▶ [Recorded information]

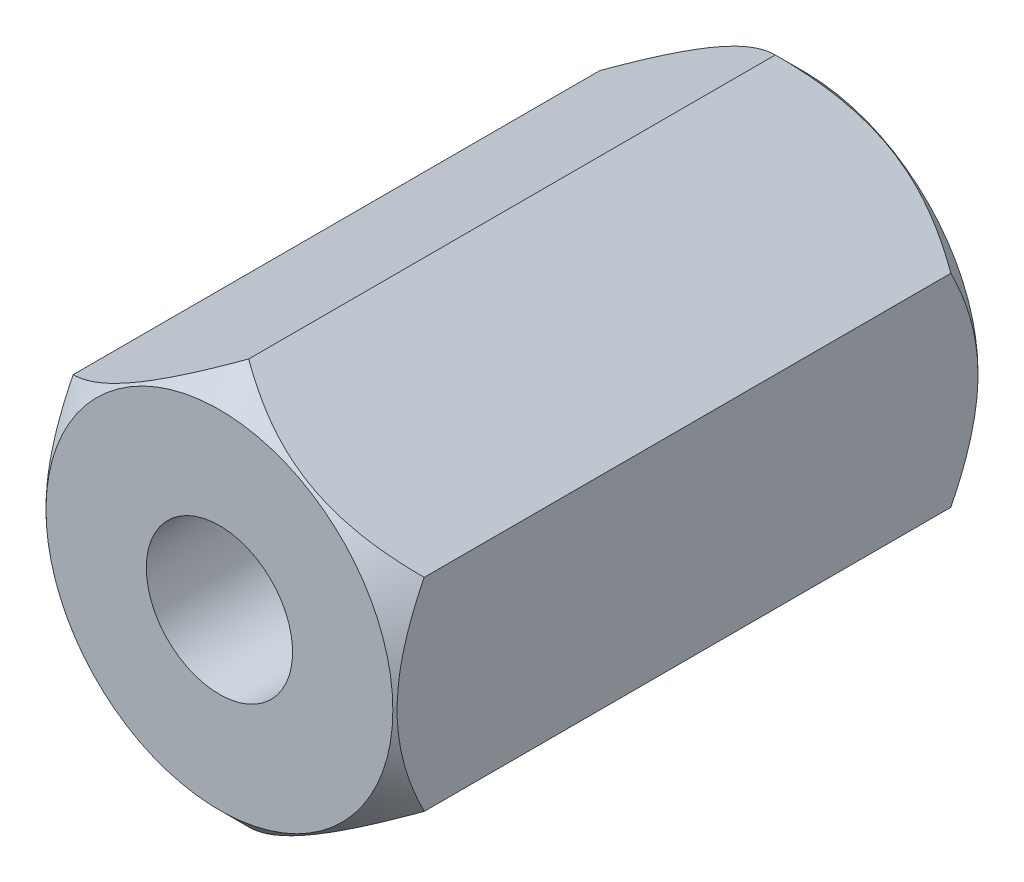
ISO-10303-21;
HEADER;
FILE_DESCRIPTION(('STEP AP214'),'2;1');
FILE_NAME('part.step','',(''),(''),'','','');
FILE_SCHEMA(('AUTOMOTIVE_DESIGN { 1 0 10303 214 1 1 1 1 }'));
ENDSEC;
DATA;
#1=APPLICATION_CONTEXT('core data for automotive mechanical design processes');
#2=APPLICATION_PROTOCOL_DEFINITION('international standard','automotive_design',2000,#1);
#3=PRODUCT_CONTEXT('',#1,'mechanical');
#4=PRODUCT('Part','Part','',(#3));
#5=PRODUCT_RELATED_PRODUCT_CATEGORY('part','',(#4));
#6=PRODUCT_DEFINITION_FORMATION('','',#4);
#7=PRODUCT_DEFINITION_CONTEXT('part definition',#1,'design');
#8=PRODUCT_DEFINITION('design','',#6,#7);
#9=PRODUCT_DEFINITION_SHAPE('','',#8);
#10=(LENGTH_UNIT() NAMED_UNIT(*) SI_UNIT(.MILLI.,.METRE.));
#11=(NAMED_UNIT(*) PLANE_ANGLE_UNIT() SI_UNIT($,.RADIAN.));
#12=(NAMED_UNIT(*) SI_UNIT($,.STERADIAN.) SOLID_ANGLE_UNIT());
#13=UNCERTAINTY_MEASURE_WITH_UNIT(LENGTH_MEASURE(1.E-05),#10,'distance_accuracy_value','');
#14=(GEOMETRIC_REPRESENTATION_CONTEXT(3) GLOBAL_UNCERTAINTY_ASSIGNED_CONTEXT((#13)) GLOBAL_UNIT_ASSIGNED_CONTEXT((#10,
#11,#12)) REPRESENTATION_CONTEXT('',''));
#15=CARTESIAN_POINT('',(0.,0.,0.));
#16=DIRECTION('',(0.,0.,1.));
#17=DIRECTION('',(1.,0.,0.));
#18=AXIS2_PLACEMENT_3D('',#15,#16,#17);
#19=CARTESIAN_POINT('',(2.99999999999996,1.73205080756891,10.));
#20=DIRECTION('',(-0.499999999999998,-0.866025403784439,0.));
#21=DIRECTION('',(0.86602540378444,-0.499999999999999,0.));
#22=AXIS2_PLACEMENT_3D('',#19,#20,#21);
#23=PLANE('',#22);
#24=CARTESIAN_POINT('',(-0.000200000000005701,3.4642170851916,0.500115475827093));
#25=CARTESIAN_POINT('',(0.102923514955752,3.40467869607211,0.440628318321731));
#26=CARTESIAN_POINT('',(0.207771389330664,3.34414474757779,0.384634979465466));
#27=CARTESIAN_POINT('',(0.42156767178113,3.22070940635328,0.282112596378893));
#28=CARTESIAN_POINT('',(0.530536411379804,3.15779627521273,0.235640593741245));
#29=CARTESIAN_POINT('',(0.750266639597091,3.03093496880238,0.156033188516258));
#30=CARTESIAN_POINT('',(0.860972171762284,2.96701910000603,0.122697700642632));
#31=CARTESIAN_POINT('',(1.08482041056542,2.83778025907541,0.0713375439792789));
#32=CARTESIAN_POINT('',(1.19795627920709,2.77246123486014,0.0532745375355815));
#33=CARTESIAN_POINT('',(1.39294095619282,2.65988677911458,0.0369769084504857));
#34=CARTESIAN_POINT('',(1.47453795400227,2.61277673046423,0.0345643671738004));
#35=CARTESIAN_POINT('',(1.63759922883024,2.51863325954789,0.0386294346571176));
#36=CARTESIAN_POINT('',(1.71906344929915,2.47159986993085,0.0451101600283165));
#37=CARTESIAN_POINT('',(1.88122011233856,2.37797867687415,0.0665917225152473));
#38=CARTESIAN_POINT('',(1.9619115887845,2.33139143122678,0.0816020899673097));
#39=CARTESIAN_POINT('',(2.12190869789156,2.23901705721426,0.119323646066059));
#40=CARTESIAN_POINT('',(2.20121443630953,2.19322986779036,0.142034244322884));
#41=CARTESIAN_POINT('',(2.34200614080297,2.11194373930141,0.188760684853999));
#42=CARTESIAN_POINT('',(2.40380372214622,2.07626488907762,0.211548327680848));
#43=CARTESIAN_POINT('',(2.52628941752036,2.00554773988148,0.260796286057478));
#44=CARTESIAN_POINT('',(2.58697749763572,1.97050946049027,0.287256713666218));
#45=CARTESIAN_POINT('',(2.70705299739094,1.90118383838352,0.343256994391358));
#46=CARTESIAN_POINT('',(2.76644383229597,1.8668945238637,0.372787164478353));
#47=CARTESIAN_POINT('',(2.88412556146727,1.79895094584795,0.434539091575483));
#48=CARTESIAN_POINT('',(2.94241710424772,1.76529630793218,0.466759196659295));
#49=CARTESIAN_POINT('',(3.00019999999996,1.73193533751507,0.500115475827071));
#50=B_SPLINE_CURVE_WITH_KNOTS('',3,(#24,#25,#26,#27,#28,#29,#30,#31,#32,#33,#34,#35,#36,#37,#38,
#39,#40,#41,#42,#43,#44,#45,#46,#47,#48,#49),.UNSPECIFIED.,.F.,.F.,(4,2,2,2,2,2,2,2,2,2,2,2,4),
(0.,0.399603557139335,0.801535286397903,1.19708369162351,1.59163620080184,1.8739894175586,
2.15644160919112,2.43921001247448,2.72195674032165,2.94657516661945,3.17120044767284,
3.39513752837811,3.61893808380731),.UNSPECIFIED.);
#51=CARTESIAN_POINT('',(0.,3.46410161513776,0.499999999999945));
#52=VERTEX_POINT('',#51);
#53=CARTESIAN_POINT('',(2.99999999999996,1.73205080756891,0.5));
#54=VERTEX_POINT('',#53);
#55=EDGE_CURVE('E50',#52,#54,#50,.T.);
#56=ORIENTED_EDGE('',*,*,#55,.F.);
#57=DIRECTION('',(0.,0.,-1.));
#58=VECTOR('',#57,1.);
#59=CARTESIAN_POINT('',(0.,3.46410161513776,10.));
#60=LINE('',#59,#58);
#61=CARTESIAN_POINT('',(0.,3.46410161513776,9.49999999999995));
#62=VERTEX_POINT('',#61);
#63=EDGE_CURVE('E11',#62,#52,#60,.T.);
#64=ORIENTED_EDGE('',*,*,#63,.F.);
#65=CARTESIAN_POINT('',(3.00019999999996,1.73193533751507,9.49988452417283));
#66=CARTESIAN_POINT('',(2.89707648504423,1.79147372663454,9.55937168167819));
#67=CARTESIAN_POINT('',(2.79222861066934,1.85200767512885,9.61536502053445));
#68=CARTESIAN_POINT('',(2.57843232821891,1.97544301635334,9.71788740362103));
#69=CARTESIAN_POINT('',(2.46946358862026,2.03835614749387,9.76435940625868));
#70=CARTESIAN_POINT('',(2.24973336040302,2.1652174539042,9.84396681148368));
#71=CARTESIAN_POINT('',(2.13902782823785,2.22913332270054,9.87730229935731));
#72=CARTESIAN_POINT('',(1.91517958943476,2.35837216363112,9.92866245602068));
#73=CARTESIAN_POINT('',(1.8020437207931,2.42369118784639,9.94672546246439));
#74=CARTESIAN_POINT('',(1.60705904380742,2.53626564359192,9.9630230915495));
#75=CARTESIAN_POINT('',(1.525462045998,2.58337569224226,9.9654356328262));
#76=CARTESIAN_POINT('',(1.36240077117007,2.67751916315857,9.9613705653429));
#77=CARTESIAN_POINT('',(1.28093655070118,2.7245525527756,9.95488983997171));
#78=CARTESIAN_POINT('',(1.11877988766182,2.81817374583227,9.93340827748481));
#79=CARTESIAN_POINT('',(1.0380884112159,2.86476099147963,9.91839791003276));
#80=CARTESIAN_POINT('',(0.878091302108889,2.95713536549212,9.88067635393404));
#81=CARTESIAN_POINT('',(0.798785563690938,3.00292255491601,9.85796575567723));
#82=CARTESIAN_POINT('',(0.657993859197469,3.08420868340498,9.81123931514613));
#83=CARTESIAN_POINT('',(0.596196277854174,3.1198875336288,9.78845167231927));
#84=CARTESIAN_POINT('',(0.473710582479936,3.19060468282499,9.7392037139426));
#85=CARTESIAN_POINT('',(0.413022502364531,3.22564296221622,9.71274328633384));
#86=CARTESIAN_POINT('',(0.29294700260923,3.29496858432302,9.65674300560866));
#87=CARTESIAN_POINT('',(0.233556167704154,3.32925789884286,9.62721283552164));
#88=CARTESIAN_POINT('',(0.115874438532764,3.39720147685867,9.56546090842446));
#89=CARTESIAN_POINT('',(0.0575828957522788,3.43085611477446,9.53324080334061));
#90=CARTESIAN_POINT('',(-0.000200000000006075,3.4642170851916,9.4998845241728));
#91=B_SPLINE_CURVE_WITH_KNOTS('',3,(#65,#66,#67,#68,#69,#70,#71,#72,#73,#74,#75,#76,#77,#78,#79,
#80,#81,#82,#83,#84,#85,#86,#87,#88,#89,#90),.UNSPECIFIED.,.F.,.F.,(4,2,2,2,2,2,2,2,2,2,2,2,4),
(0.,0.399603557139267,0.801535286397766,1.19708369162331,1.59163620080157,1.87398941755824,
2.15644160919068,2.43921001247396,2.72195674032105,2.94657516661902,3.17120044767257,
3.39513752837801,3.61893808380738),.UNSPECIFIED.);
#92=CARTESIAN_POINT('',(2.99999999999996,1.73205080756895,9.49999999999995));
#93=VERTEX_POINT('',#92);
#94=EDGE_CURVE('E106',#93,#62,#91,.T.);
#95=ORIENTED_EDGE('',*,*,#94,.F.);
#96=DIRECTION('',(0.,0.,-1.));
#97=VECTOR('',#96,1.);
#98=CARTESIAN_POINT('',(2.99999999999996,1.73205080756891,10.));
#99=LINE('',#98,#97);
#100=EDGE_CURVE('E99',#93,#54,#99,.T.);
#101=ORIENTED_EDGE('',*,*,#100,.T.);
#102=EDGE_LOOP('',(#56,#64,#95,#101));
#103=FACE_BOUND('',#102,.T.);
#104=ADVANCED_FACE('F35',(#103),#23,.F.);
#105=CARTESIAN_POINT('',(0.,3.46410161513776,10.));
#106=DIRECTION('',(0.500000000000001,-0.866025403784438,0.));
#107=DIRECTION('',(0.866025403784438,0.500000000000001,0.));
#108=AXIS2_PLACEMENT_3D('',#105,#106,#107);
#109=PLANE('',#108);
#110=CARTESIAN_POINT('',(-3.00019999999998,1.73193533751505,0.500115475827081));
#111=CARTESIAN_POINT('',(-2.89707648504423,1.79147372663454,0.44062831832172));
#112=CARTESIAN_POINT('',(-2.79222861066932,1.85200767512885,0.384634979465456));
#113=CARTESIAN_POINT('',(-2.57843232821885,1.97544301635337,0.282112596378885));
#114=CARTESIAN_POINT('',(-2.46946358862018,2.03835614749392,0.235640593741238));
#115=CARTESIAN_POINT('',(-2.2497333604029,2.16521745390426,0.156033188516254));
#116=CARTESIAN_POINT('',(-2.13902782823771,2.22913332270062,0.122697700642629));
#117=CARTESIAN_POINT('',(-1.91517958943458,2.35837216363123,0.0713375439792782));
#118=CARTESIAN_POINT('',(-1.8020437207929,2.4236911878465,0.0532745375355812));
#119=CARTESIAN_POINT('',(-1.60705904380717,2.53626564359206,0.0369769084504856));
#120=CARTESIAN_POINT('',(-1.52546204599773,2.58337569224241,0.0345643671738006));
#121=CARTESIAN_POINT('',(-1.36240077116975,2.67751916315875,0.0386294346571182));
#122=CARTESIAN_POINT('',(-1.28093655070084,2.7245525527758,0.0451101600283175));
#123=CARTESIAN_POINT('',(-1.11877988766144,2.81817374583249,0.0665917225152486));
#124=CARTESIAN_POINT('',(-1.0380884112155,2.86476099147986,0.0816020899673109));
#125=CARTESIAN_POINT('',(-0.878091302108441,2.95713536549238,0.119323646066061));
#126=CARTESIAN_POINT('',(-0.79878556369047,3.00292255491628,0.142034244322887));
#127=CARTESIAN_POINT('',(-0.657993859197026,3.08420868340524,0.188760684854002));
#128=CARTESIAN_POINT('',(-0.596196277853776,3.11988753362903,0.211548327680852));
#129=CARTESIAN_POINT('',(-0.473710582479625,3.19060468282517,0.260796286057485));
#130=CARTESIAN_POINT('',(-0.413022502364263,3.22564296221638,0.287256713666226));
#131=CARTESIAN_POINT('',(-0.292947002609044,3.29496858432313,0.34325699439137));
#132=CARTESIAN_POINT('',(-0.23355616770401,3.32925789884295,0.372787164478367));
#133=CARTESIAN_POINT('',(-0.115874438532699,3.39720147685871,0.434539091575501));
#134=CARTESIAN_POINT('',(-0.0575828957522526,3.43085611477448,0.466759196659314));
#135=CARTESIAN_POINT('',(0.000199999999994317,3.4642170851916,0.500115475827093));
#136=B_SPLINE_CURVE_WITH_KNOTS('',3,(#110,#111,#112,#113,#114,#115,#116,#117,#118,#119,#120,
#121,#122,#123,#124,#125,#126,#127,#128,#129,#130,#131,#132,#133,#134,#135),.UNSPECIFIED.,.F.,
.F.,(4,2,2,2,2,2,2,2,2,2,2,2,4),(0.,0.399603557139329,0.801535286397891,1.1970836916235,
1.59163620080182,1.87398941755857,2.1564416091911,2.43921001247446,2.72195674032163,
2.94657516661944,3.17120044767284,3.39513752837812,3.61893808380733),.UNSPECIFIED.);
#137=CARTESIAN_POINT('',(-2.99999999999998,1.73205080756891,0.499999999999945));
#138=VERTEX_POINT('',#137);
#139=EDGE_CURVE('E86',#138,#52,#136,.T.);
#140=ORIENTED_EDGE('',*,*,#139,.F.);
#141=DIRECTION('',(0.,0.,-1.));
#142=VECTOR('',#141,1.);
#143=CARTESIAN_POINT('',(-2.99999999999998,1.73205080756889,10.));
#144=LINE('',#143,#142);
#145=CARTESIAN_POINT('',(-2.99999999999998,1.73205080756891,9.49999999999995));
#146=VERTEX_POINT('',#145);
#147=EDGE_CURVE('E43',#146,#138,#144,.T.);
#148=ORIENTED_EDGE('',*,*,#147,.F.);
#149=CARTESIAN_POINT('',(0.000199999999994519,3.4642170851916,9.4998845241728));
#150=CARTESIAN_POINT('',(-0.102923514955744,3.40467869607212,9.55937168167817));
#151=CARTESIAN_POINT('',(-0.207771389330636,3.34414474757782,9.61536502053444));
#152=CARTESIAN_POINT('',(-0.421567671781061,3.22070940635332,9.71788740362102));
#153=CARTESIAN_POINT('',(-0.530536411379715,3.15779627521278,9.76435940625867));
#154=CARTESIAN_POINT('',(-0.750266639596964,3.03093496880246,9.84396681148367));
#155=CARTESIAN_POINT('',(-0.860972171762137,2.96701910000611,9.87730229935731));
#156=CARTESIAN_POINT('',(-1.08482041056523,2.83778025907552,9.92866245602068));
#157=CARTESIAN_POINT('',(-1.19795627920689,2.77246123486026,9.94672546246439));
#158=CARTESIAN_POINT('',(-1.39294095619258,2.65988677911472,9.9630230915495));
#159=CARTESIAN_POINT('',(-1.474537954002,2.61277673046438,9.9654356328262));
#160=CARTESIAN_POINT('',(-1.63759922882993,2.51863325954807,9.9613705653429));
#161=CARTESIAN_POINT('',(-1.71906344929882,2.47159986993104,9.95488983997171));
#162=CARTESIAN_POINT('',(-1.88122011233818,2.37797867687437,9.93340827748481));
#163=CARTESIAN_POINT('',(-1.9619115887841,2.33139143122701,9.91839791003276));
#164=CARTESIAN_POINT('',(-2.12190869789111,2.23901705721452,9.88067635393404));
#165=CARTESIAN_POINT('',(-2.20121443630906,2.19322986779063,9.85796575567724));
#166=CARTESIAN_POINT('',(-2.34200614080252,2.11194373930166,9.81123931514613));
#167=CARTESIAN_POINT('',(-2.40380372214582,2.07626488907784,9.78845167231927));
#168=CARTESIAN_POINT('',(-2.52628941752005,2.00554773988165,9.73920371394261));
#169=CARTESIAN_POINT('',(-2.58697749763546,1.97050946049042,9.71274328633385));
#170=CARTESIAN_POINT('',(-2.70705299739075,1.90118383838362,9.65674300560867));
#171=CARTESIAN_POINT('',(-2.76644383229583,1.86689452386378,9.62721283552165));
#172=CARTESIAN_POINT('',(-2.88412556146721,1.79895094584798,9.56546090842446));
#173=CARTESIAN_POINT('',(-2.9424171042477,1.76529630793219,9.53324080334063));
#174=CARTESIAN_POINT('',(-3.00019999999998,1.73193533751505,9.49988452417282));
#175=B_SPLINE_CURVE_WITH_KNOTS('',3,(#149,#150,#151,#152,#153,#154,#155,#156,#157,#158,#159,
#160,#161,#162,#163,#164,#165,#166,#167,#168,#169,#170,#171,#172,#173,#174),.UNSPECIFIED.,.F.,
.F.,(4,2,2,2,2,2,2,2,2,2,2,2,4),(0.,0.399603557139277,0.801535286397786,1.19708369162334,
1.59163620080161,1.87398941755828,2.15644160919073,2.43921001247401,2.7219567403211,
2.94657516661905,3.1712004476726,3.39513752837803,3.61893808380739),.UNSPECIFIED.);
#176=EDGE_CURVE('E104',#62,#146,#175,.T.);
#177=ORIENTED_EDGE('',*,*,#176,.F.);
#178=ORIENTED_EDGE('',*,*,#63,.T.);
#179=EDGE_LOOP('',(#140,#148,#177,#178));
#180=FACE_BOUND('',#179,.T.);
#181=ADVANCED_FACE('F103',(#180),#109,.F.);
#182=CARTESIAN_POINT('',(-2.99999999999998,1.73205080756889,10.));
#183=DIRECTION('',(1.,0.,0.));
#184=DIRECTION('',(0.,0.,-1.));
#185=AXIS2_PLACEMENT_3D('',#182,#183,#184);
#186=PLANE('',#185);
#187=CARTESIAN_POINT('',(-2.99999999999998,-3.60017220967197,1.72218048683737));
#188=CARTESIAN_POINT('',(-2.99999999999998,-3.51313765104608,1.65533240857107));
#189=CARTESIAN_POINT('',(-2.99999999999998,-3.42563249287257,1.5890873806316));
#190=CARTESIAN_POINT('',(-2.99999999999998,-3.24948921836687,1.45807845308333));
#191=CARTESIAN_POINT('',(-2.99999999999998,-3.16085083752033,1.39331490949562));
#192=CARTESIAN_POINT('',(-2.99999999999998,-2.98160145725491,1.26508305506886));
#193=CARTESIAN_POINT('',(-2.99999999999998,-2.89098051262283,1.20162860058426));
#194=CARTESIAN_POINT('',(-2.99999999999998,-2.70822761313709,1.07694169073735));
#195=CARTESIAN_POINT('',(-2.99999999999998,-2.6160957631826,1.01570908205705));
#196=CARTESIAN_POINT('',(-2.99999999999998,-2.42422306954662,0.892208762314602));
#197=CARTESIAN_POINT('',(-2.99999999999998,-2.32436788808338,0.830117796525085));
#198=CARTESIAN_POINT('',(-2.99999999999998,-2.12231355534733,0.709809653506304));
#199=CARTESIAN_POINT('',(-2.99999999999998,-2.02011401548867,0.651593124809617));
#200=CARTESIAN_POINT('',(-2.99999999999998,-1.81334633897003,0.540275149217509));
#201=CARTESIAN_POINT('',(-2.99999999999998,-1.70878635206413,0.487158682951906));
#202=CARTESIAN_POINT('',(-2.99999999999998,-1.49671956345562,0.387230840223835));
#203=CARTESIAN_POINT('',(-2.99999999999998,-1.38921417585871,0.340416499767422));
#204=CARTESIAN_POINT('',(-2.99999999999998,-1.18162451020426,0.258946051762336));
#205=CARTESIAN_POINT('',(-2.99999999999998,-1.0818333202557,0.223550747964497));
#206=CARTESIAN_POINT('',(-2.99999999999998,-0.879720922244409,0.160749094146929));
#207=CARTESIAN_POINT('',(-2.99999999999998,-0.777399552418906,0.133343256360222));
#208=CARTESIAN_POINT('',(-2.99999999999998,-0.572612584452553,0.0884558409846684));
#209=CARTESIAN_POINT('',(-2.99999999999998,-0.470186961346654,0.0707949437776184));
#210=CARTESIAN_POINT('',(-2.99999999999998,-0.264078945488416,0.0457637249666116));
#211=CARTESIAN_POINT('',(-2.99999999999998,-0.160396813561062,0.0383913033834457));
#212=CARTESIAN_POINT('',(-2.99999999999998,0.0427096176215057,0.0345579148449175));
#213=CARTESIAN_POINT('',(-2.99999999999998,0.142125414358382,0.0376416494820529));
#214=CARTESIAN_POINT('',(-2.99999999999998,0.340174705597096,0.0535083583046858));
#215=CARTESIAN_POINT('',(-2.99999999999998,0.438808127729325,0.0662922194192052));
#216=CARTESIAN_POINT('',(-2.99999999999998,0.636249949703818,0.101055919672368));
#217=CARTESIAN_POINT('',(-2.99999999999998,0.735029372916008,0.123197581102988));
#218=CARTESIAN_POINT('',(-2.99999999999998,0.930415217780308,0.175452782519873));
#219=CARTESIAN_POINT('',(-2.99999999999998,1.02702176788822,0.205565849901872));
#220=CARTESIAN_POINT('',(-2.99999999999998,1.2236758633486,0.274476354799725));
#221=CARTESIAN_POINT('',(-2.99999999999998,1.32357580295885,0.313690302495117));
#222=CARTESIAN_POINT('',(-2.99999999999998,1.520791158334,0.398168470472808));
#223=CARTESIAN_POINT('',(-2.99999999999998,1.61810572975048,0.443434638911345));
#224=CARTESIAN_POINT('',(-2.99999999999998,1.81063206524874,0.53895130914026));
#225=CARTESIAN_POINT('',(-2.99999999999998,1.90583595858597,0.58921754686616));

▶ [Required action] Repeat, with no pictures, each line from the beginning of the data through the line containing "#15=CARTESIAN_POINT('',(0.,0.,0.));", inclusive.

▶ [Response]
ISO-10303-21;
HEADER;
FILE_DESCRIPTION(('STEP AP214'),'2;1');
FILE_NAME('part.step','',(''),(''),'','','');
FILE_SCHEMA(('AUTOMOTIVE_DESIGN { 1 0 10303 214 1 1 1 1 }'));
ENDSEC;
DATA;
#1=APPLICATION_CONTEXT('core data for automotive mechanical design processes');
#2=APPLICATION_PROTOCOL_DEFINITION('international standard','automotive_design',2000,#1);
#3=PRODUCT_CONTEXT('',#1,'mechanical');
#4=PRODUCT('Part','Part','',(#3));
#5=PRODUCT_RELATED_PRODUCT_CATEGORY('part','',(#4));
#6=PRODUCT_DEFINITION_FORMATION('','',#4);
#7=PRODUCT_DEFINITION_CONTEXT('part definition',#1,'design');
#8=PRODUCT_DEFINITION('design','',#6,#7);
#9=PRODUCT_DEFINITION_SHAPE('','',#8);
#10=(LENGTH_UNIT() NAMED_UNIT(*) SI_UNIT(.MILLI.,.METRE.));
#11=(NAMED_UNIT(*) PLANE_ANGLE_UNIT() SI_UNIT($,.RADIAN.));
#12=(NAMED_UNIT(*) SI_UNIT($,.STERADIAN.) SOLID_ANGLE_UNIT());
#13=UNCERTAINTY_MEASURE_WITH_UNIT(LENGTH_MEASURE(1.E-05),#10,'distance_accuracy_value','');
#14=(GEOMETRIC_REPRESENTATION_CONTEXT(3) GLOBAL_UNCERTAINTY_ASSIGNED_CONTEXT((#13)) GLOBAL_UNIT_ASSIGNED_CONTEXT((#10,
#11,#12)) REPRESENTATION_CONTEXT('',''));
#15=CARTESIAN_POINT('',(0.,0.,0.));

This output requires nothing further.